For fixed T, graphing, E₁ and \( \frac{{N\left( {E_{1} - \varepsilon_{0} e^{{\left( {E_{1} - \varepsilon_{0} } \right)/kT}} } \right)}}{{\left( {1 - e^{{\left( {E_{1} - \varepsilon_{0} } \right)/kT}} } \right)}} + NkT \) reveals that there is a solution at \( {{E}_{1}}={{\varepsilon}_{0}} \), which is physically invalid and there is, again, a solution near:

$$ E_{1} = NkT + \varepsilon_{0} \, {\text{for large}}\,N. $$

(24)

At \( {{E}_{1}}=NkT+{{\varepsilon}_{0}} \), \( E_{1} - \left({\frac{{N\left({E_{1} - \varepsilon_{0} e^{{\left({E_{1} - \varepsilon_{0}} \right)/kT}}} \right)}}{{\left({1 - e^{{\left({E_{1} - \varepsilon_{0}} \right)/kT}}} \right)}} + NkT} \right) = \frac{{N(N(\varepsilon_{0} + kT) - \varepsilon_{0})}}{{e^{{N\left({\varepsilon_{0}/kT + 1} \right) - \varepsilon_{0}/kT}} - 1}} \). So, for small N, this solution is far off but for our case of large N, it is a good approximation; in particular, \( \frac{{N(N(\varepsilon_{0} + kT) - \varepsilon_{0})}}{{\,e^{{N\left({\varepsilon_{0}/kT + 1} \right) - \varepsilon_{0}/kT}} - 1}} < < E_{1} \) implies, for \( N\gg 1 \), \( {{N}^{2}}\ll {{E}_{1}}\frac{{{e}^{N\left({{\varepsilon}_{0}}/kT+1 \right)}}-1}{({{\varepsilon}_{0}}+kT)}\approx {{E}_{1}}\frac{{{e}^{N\left({{\varepsilon}_{0}}/kT+1 \right)}}}{({{\varepsilon}_{0}}+kT)} \), or \( N^{2} e^{{- N\left({\varepsilon_{0}/kT + 1} \right)}} \ll \frac{{E_{1}}}{{(\varepsilon_{0} + kT)}} \),

Hence, for macroscopic size N, as before, only when the temperature is extremely large or the total system energy is extremely small is this solution not approximately valid. (Note: for small, i.e., \( \varepsilon_{0} \ll kT \), the inequality becomes: \( N^{2} e^{- N} \ll \frac{{E_{1}}}{kT} \), i.e., the same as before.
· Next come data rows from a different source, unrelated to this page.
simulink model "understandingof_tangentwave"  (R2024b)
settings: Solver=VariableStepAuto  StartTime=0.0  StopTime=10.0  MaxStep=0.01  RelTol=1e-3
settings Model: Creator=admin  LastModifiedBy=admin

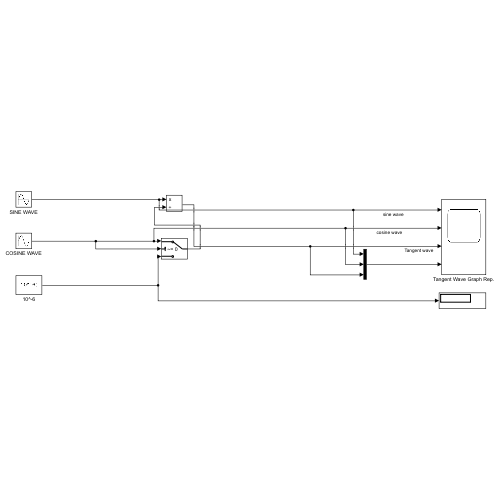
[thumbnail: Simulink's stored preview of the top-level diagram]
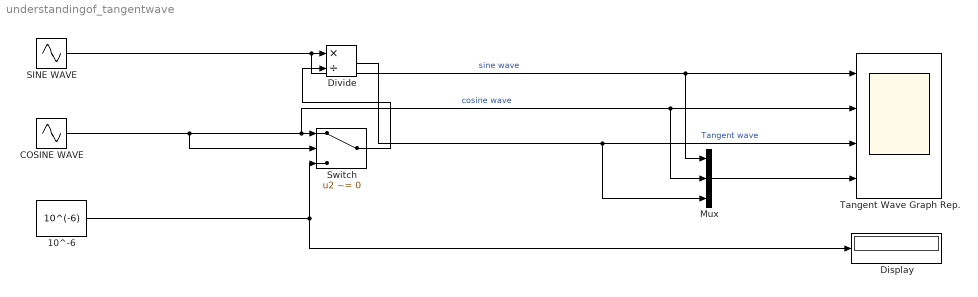
== system understandingof_tangentwave ==
  10^-6 : Constant  Value=10^(-6)
  COSINE WAVE : Sin  Phase=pi/2  SampleTime=0
  Display : Display
  Divide : Product  Inputs=*/
  Mux : Mux  Inputs=3
  SINE WAVE : Sin  SampleTime=0
  Switch : Switch  Criteria=u2 ~= 0  SaturateOnIntegerOverflow=off  InputSameDT=off
  Tangent Wave Graph Rep. : Scope  NumInputPorts=4
  wires:
  SINE WAVE/1 -> Mux/1, Tangent Wave Graph Rep./1, Divide/1  "sine wave"
  Divide/1 -> Tangent Wave Graph Rep./3, Mux/3  "Tangent wave"
  COSINE WAVE/1 -> Switch/2, Mux/2, Tangent Wave Graph Rep./2, Switch/1  "cosine wave"
  10^-6/1 -> Display/1, Switch/3
  Switch/1 -> Divide/2
  Mux/1 -> Tangent Wave Graph Rep./4

For \( \varepsilon_{0} > > kT \), we have\( N^{2} e^{{- N\varepsilon_{0}/kT}} < < \frac{{E_{1}}}{{\varepsilon_{0}}} \); the smallest the right hand side can become is one since \( E_{1} \ge \varepsilon_{0} \).)

Again, a key general point is that for a given temperature, there is always a single value of E₁ corresponding to it for any fixed N.